# PHP - optimization/limiting RAM - low RAM use



## drmike (Nov 1, 2013)

Running another out of box clean PHP-FPM instance.   

Having issue where randomly PHP bursts up, smacks VPS RAM ceiling and PHP goes nuts/non responsive.

For those that tinker with PHP and do so on limited RAM servers --- what are the tweaks you recommend to keep PHP within RAM limits and well behaved?


----------



## WebSearchingPro (Nov 1, 2013)

I'd recommend using a reverse proxy like nginx or varnish in conjunction with a PHP accelerator like xCache. You can also decrease the PHP memory limits in the php.ini file.


----------



## zzrok (Nov 1, 2013)

Are you using a fixed  or dynamic number of children?  Maybe too many are being spawned in a short period of time and using too much memory.  Also, PHP 5.4 significantly improved memory consumption, so you should run it or 5.5 if you aren't.


----------



## sleddog (Nov 1, 2013)

/etc/php5/fpm/pool.d/www.conf

pm = ondemand
pm.max_children = 2
 

...tweak max_children to what your memory can safely support.


----------



## devonblzx (Nov 1, 2013)

Is the problem that too many PHP processes are spawning or the problem that the PHP processes themselves are using too much memory?


----------



## drmike (Nov 1, 2013)

@devonblzx... the problem is total RAM consumption by PHP.  Have yet to track down the origin/cause.   

Is there a thread/process analysis tool for PHP to isolate the pig request memory users?  (sorry I avoid PHP when I can, but so darn prevalent that I blindly bump into using now and then).


----------



## devonblzx (Nov 1, 2013)

You should be able to track down some statistics by just looking at 'ps aux | grep php'

I'm assuming you have it setup so php runs as the user and not as nobody?  That way you can start to track down the root cause of the memory usage.  If you have a lot of processes spawned under one user or high memory usage per process under one user (it may be a web application being a memory hog or causing a memory leak).


----------



## sleddog (Nov 1, 2013)

PHP 101:

- The memory consumption of a PHP process is determined by the app it's running. A process running a "Hello World" script will consume very little memory. A process running Wordpress will consume a helluva lot more.

- If you're serving a lightweight script, you can run a lot more concurrent processes than if you're running a memory-heavy script.

- When running php you should put the server first, and the user second. Use pm.max_children to limit the maximum number of concurrent processes, according to the memory consumption of your php script and the system's available ram.

- If the limit set by pm.max_children is reached, subsequent users (site visitors) will have to wait and watch the browser spinner until a php process is available.

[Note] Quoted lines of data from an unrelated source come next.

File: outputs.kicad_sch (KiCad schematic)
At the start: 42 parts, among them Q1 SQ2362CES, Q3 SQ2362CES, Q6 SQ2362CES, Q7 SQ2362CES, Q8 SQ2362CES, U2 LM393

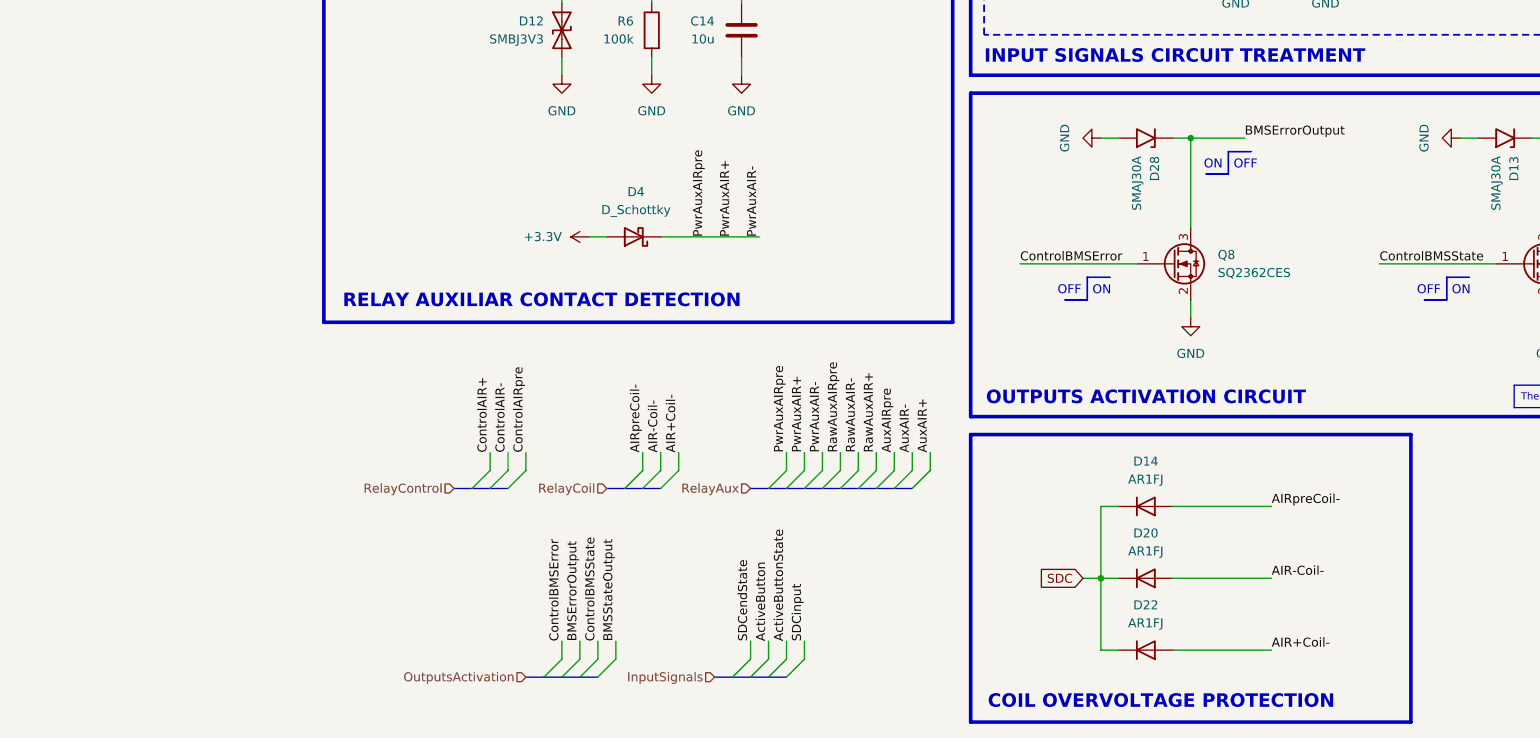
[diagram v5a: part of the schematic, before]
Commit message: - S'han afegit uns connectors preliminar \n-S'han eliminat els diodes de protecció dels airs
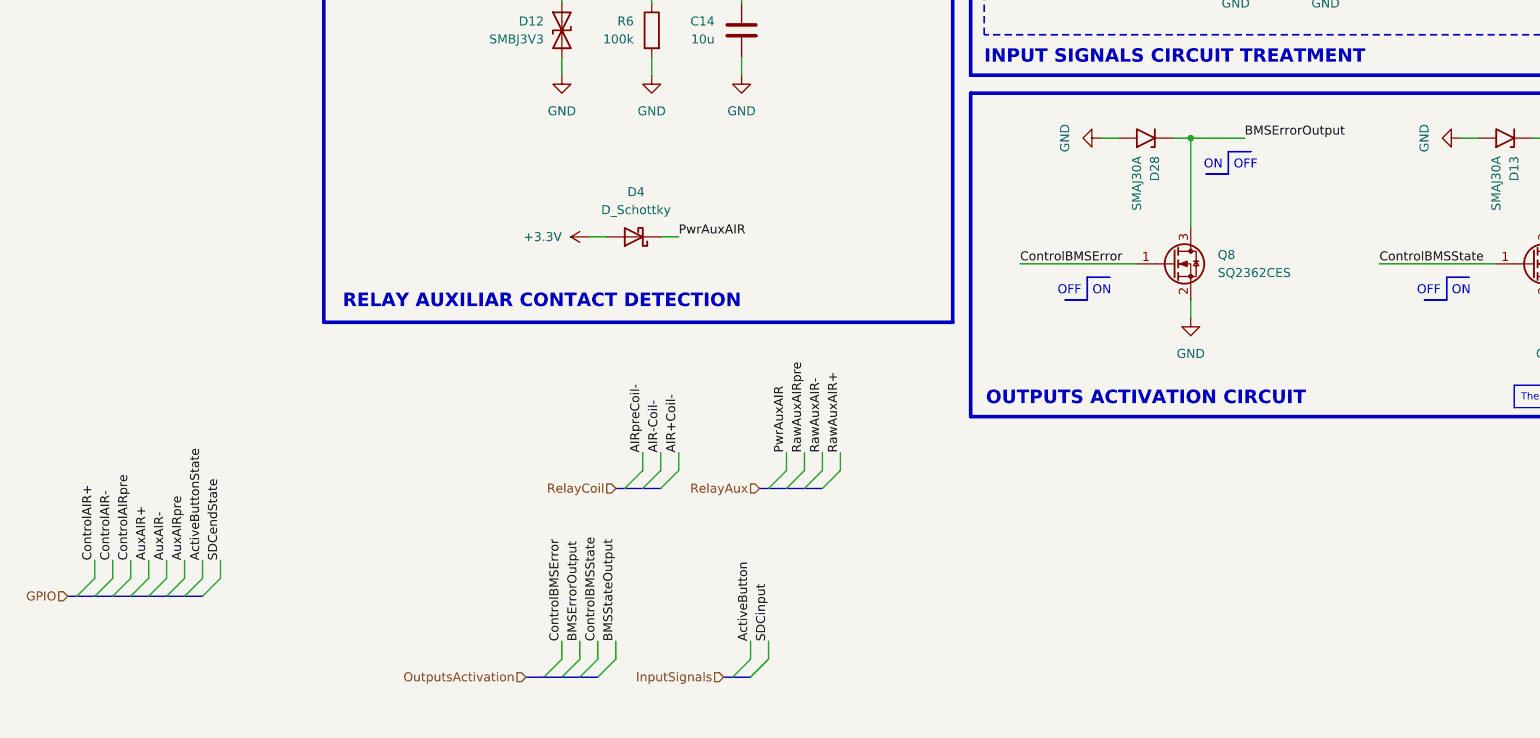
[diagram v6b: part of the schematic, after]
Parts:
- removed D14, D20, D22: AR1FJ, Diode_SMD:D_SMF, symbol Device:D
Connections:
- net PwrAuxAIR+ renamed PwrAuxAIR
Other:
- note removed: "COIL OVERVOLTAGE PROTECTION"

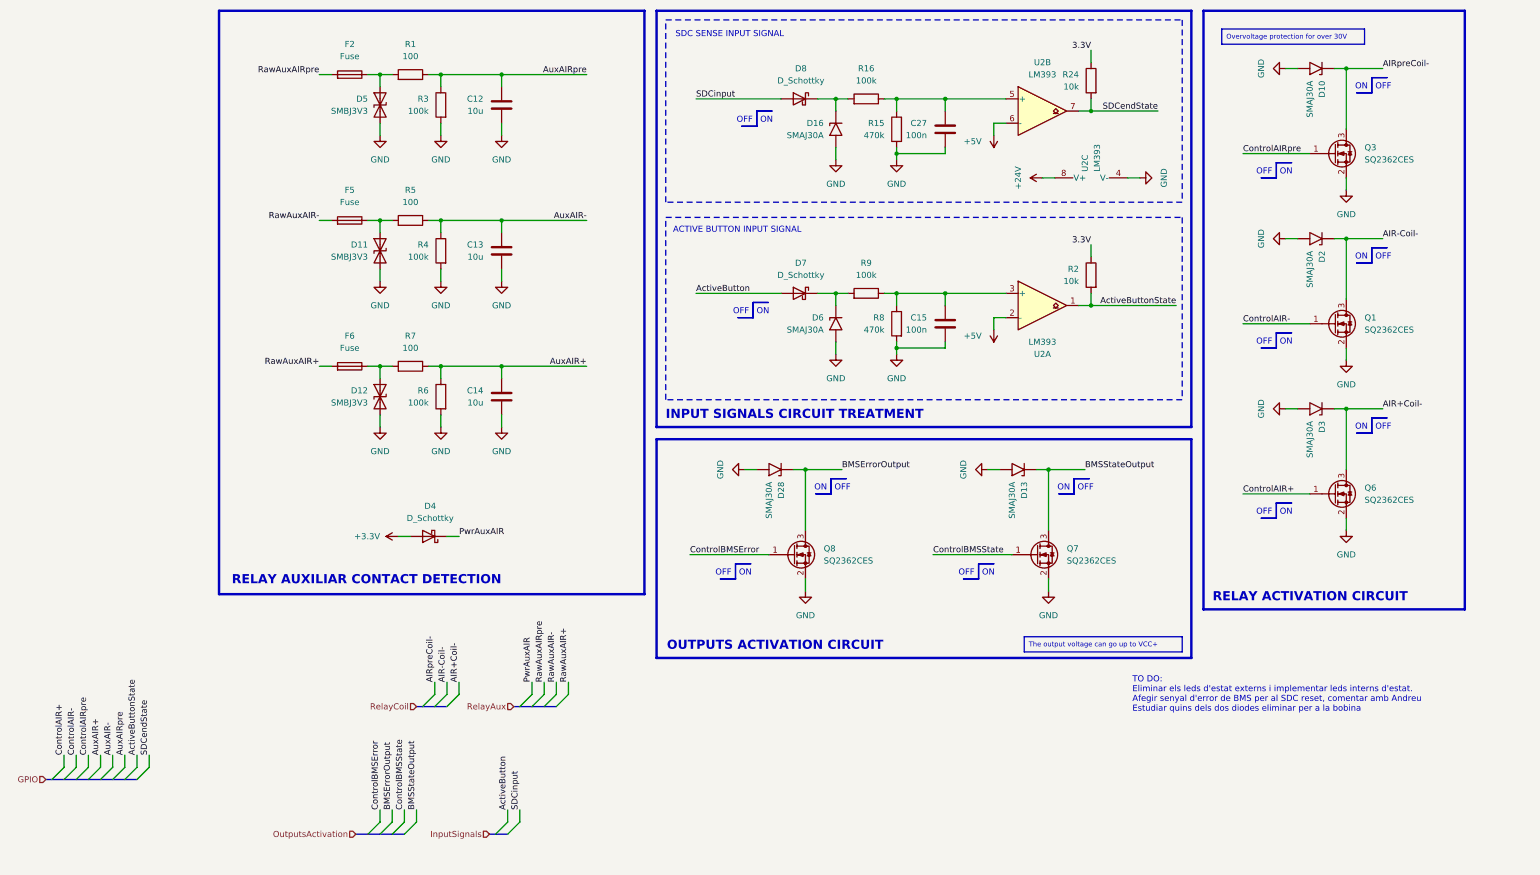
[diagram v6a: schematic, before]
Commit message: Modificació de les etiquetes a globals Filtre afegit al transformador de isoSPI Leds indicadors per estat i error Senyal d'error de BMS per el sdcreset
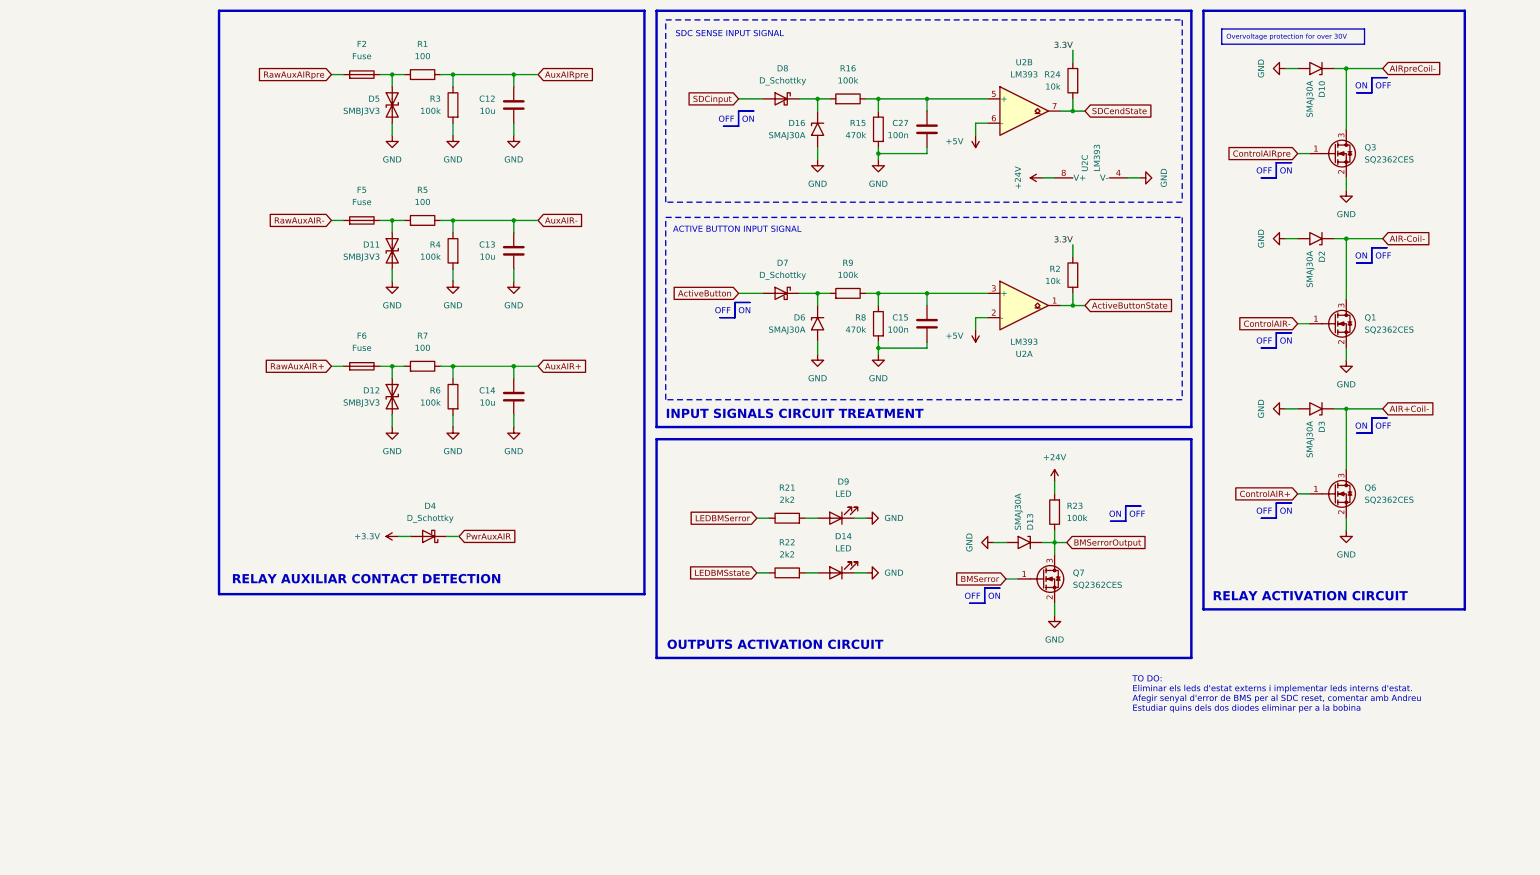
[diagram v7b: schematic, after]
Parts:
- removed D28: SMAJ30A, Diode_SMD:D_SMA, symbol Diode:SMAJ30A
- removed Q8: SQ2362CES, Package_TO_SOT_SMD:SOT-23, symbol Transistor_FET:2N7002
- added D14, D9: LED, LED_SMD:LED_0603_1608Metric_Pad1.05x0.95mm_HandSolder, symbol Device:LED
- added R21, R22: 2k2, Resistor_SMD:R_0603_1608Metric, symbol Device:R
- added R23: 100k, Resistor_SMD:R_0603_1608Metric, symbol Device:R
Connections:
- net +24V: now also R23.2
- net GND: now also D14.1 (K), D9.1 (K)
- net BMSStateOutput renamed BMSerrorOutput
- net BMSerrorOutput: now also R23.1
- net ControlBMSState renamed BMSerror
- new net: D14.2 (A), R22.2
- new net: D9.2 (A), R21.2
- new net LEDBMSerror: R21.1
- new net LEDBMSstate: R22.1
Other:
- moved on the sheet: C12, C13, C14, C15, C27, D11, D12, D13, D16, D5, D6, D7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

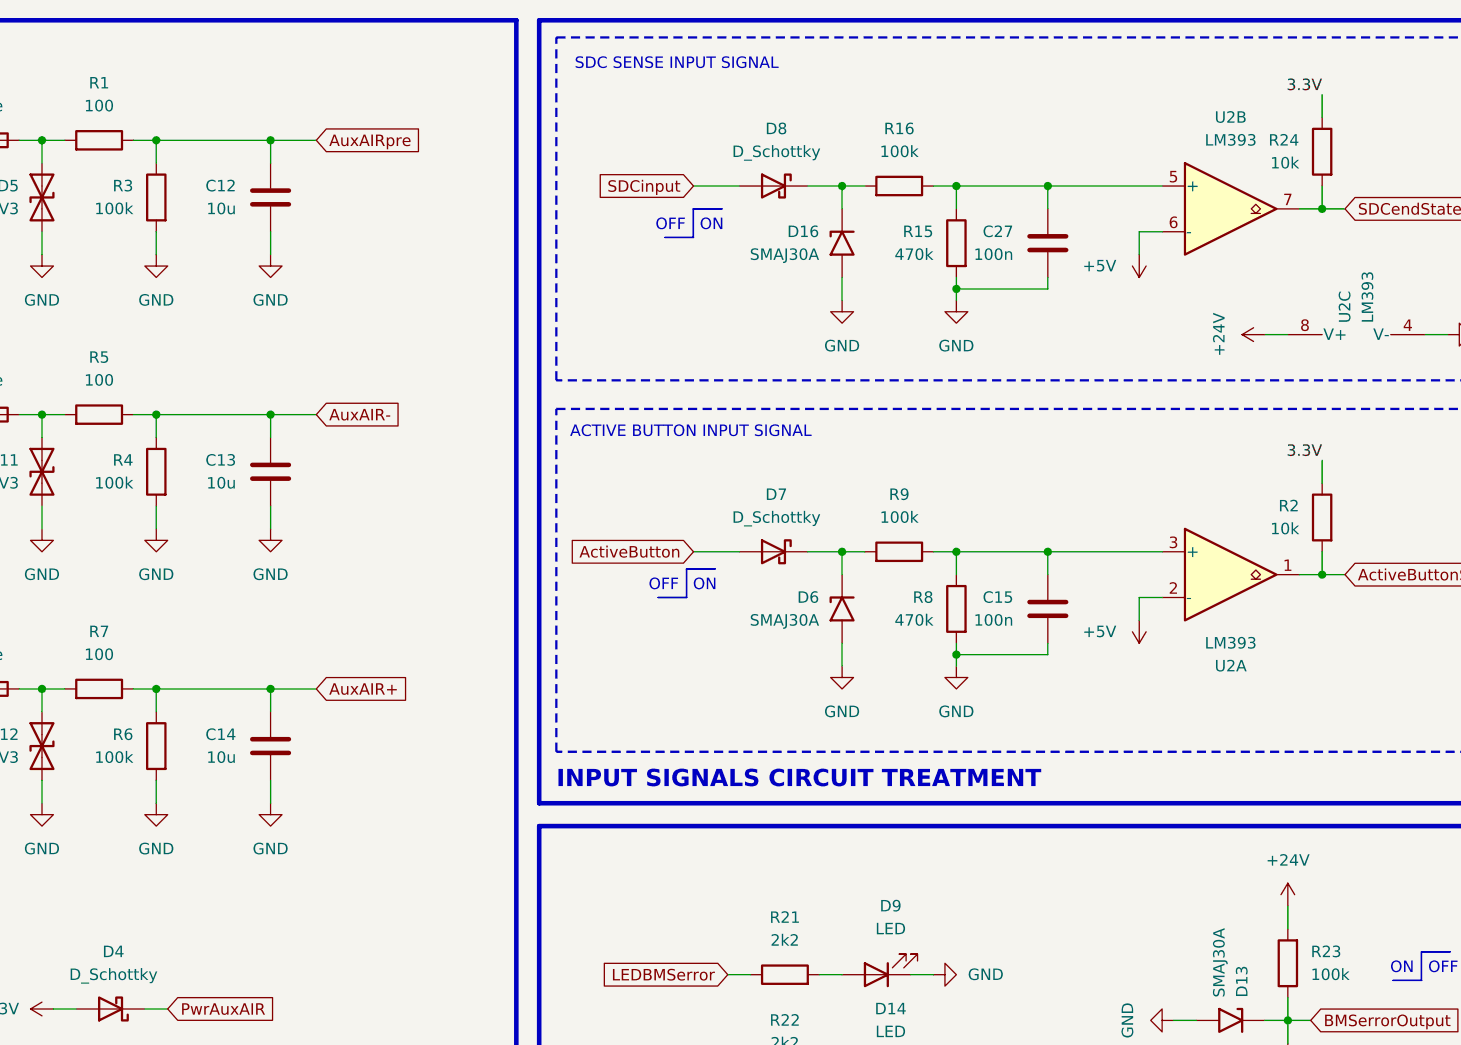
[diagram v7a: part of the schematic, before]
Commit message: Revisió dels valors de filtres, divisors de tensió i resistències
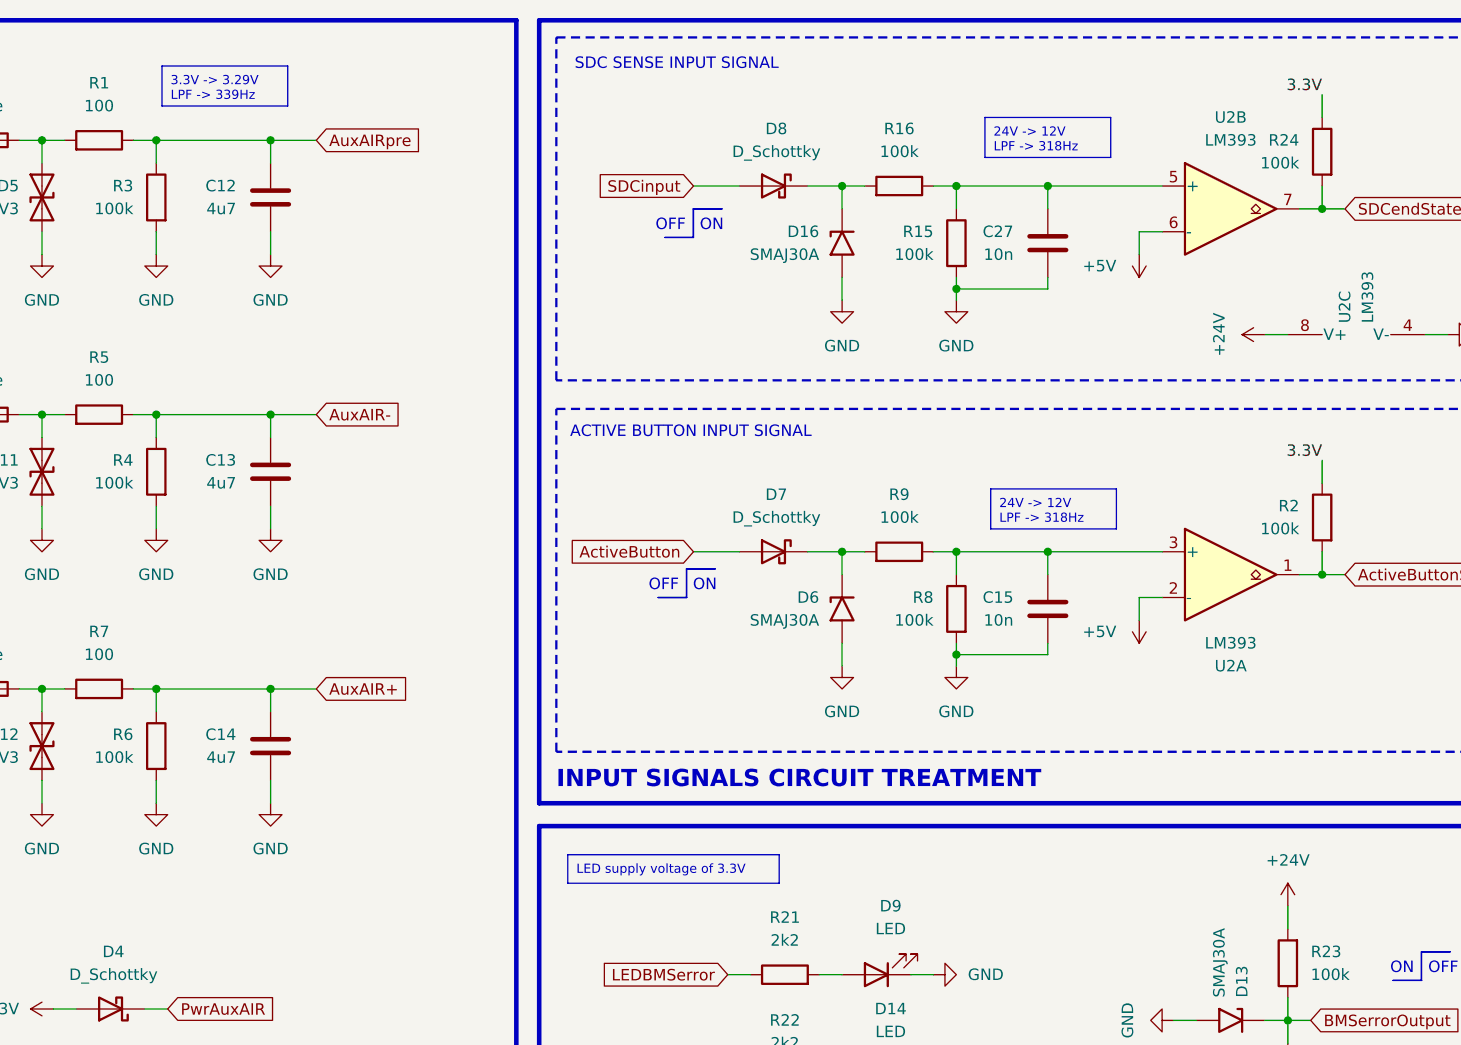
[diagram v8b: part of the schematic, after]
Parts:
- C12, C13, C14: value 10u -> 4u7
- C15, C27: value 100n -> 10n
- R15, R8: value 470k -> 100k
- R2, R24: value 10k -> 100k
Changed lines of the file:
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@@
 		)
 	)
+	(text_box "24V -> 12V\nLPF -> 318Hz"
+		(exclude_from_sim no)
+		(at 162.56 69.215 0)
+		(size 13.97 4.445)
+		(margins 0.9525 0.9525 0.9525 0.9525)
+		(stroke
+			(width 0)
+			(type solid)
+			(color 132 0 0 1)
+		)
+		(fill
+			(type color)
+			(color 255 255 194 1)
+		)
+		(effects
+			(font
+				(size 1.016 1.016)
+				(color 0 0 0 1)
+			)
+			(justify left top)
+		)
+	)
+	(text_box "24V -> 12V\nLPF -> 318Hz"
+		(exclude_from_sim no)
+		(at 161.925 27.94 0)
+		(size 13.97 4.445)
+		(margins 0.9525 0.9525 0.9525 0.9525)
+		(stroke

- php-fpm has built in stats which you can enable/setup so you can see how frequently this happens. Using this, you can tweak pm.max_children to ensure that you're making the most of your available memory, or know that you simply need more ram to serve your scripts to the traffic you're getting.


----------



## drmike (Nov 1, 2013)

devonblzx said:


> You should be able to track down some statistics by just looking at 'ps aux | grep php'
> 
> I'm assuming you have it setup so php runs as the user and not as nobody?  That way you can start to track down the root cause of the memory usage.  If you have a lot of processes spawned under one user or high memory usage per process under one user (it may be a web application being a memory hog or causing a memory leak).


Indeed php runs as nobody.  Certainly memory hog is the web application and simultaneous accesses and presumed leaks.  Typical web application scenario 

Being able to isolate what is requested/processing when the RAM spikes, hits limit, then self implodes is the overall goal.  I'd like to just quarantine PHP to live on a paupers RAM diet and call it good enough though.  Given that not causing undue queuing and page timeouts.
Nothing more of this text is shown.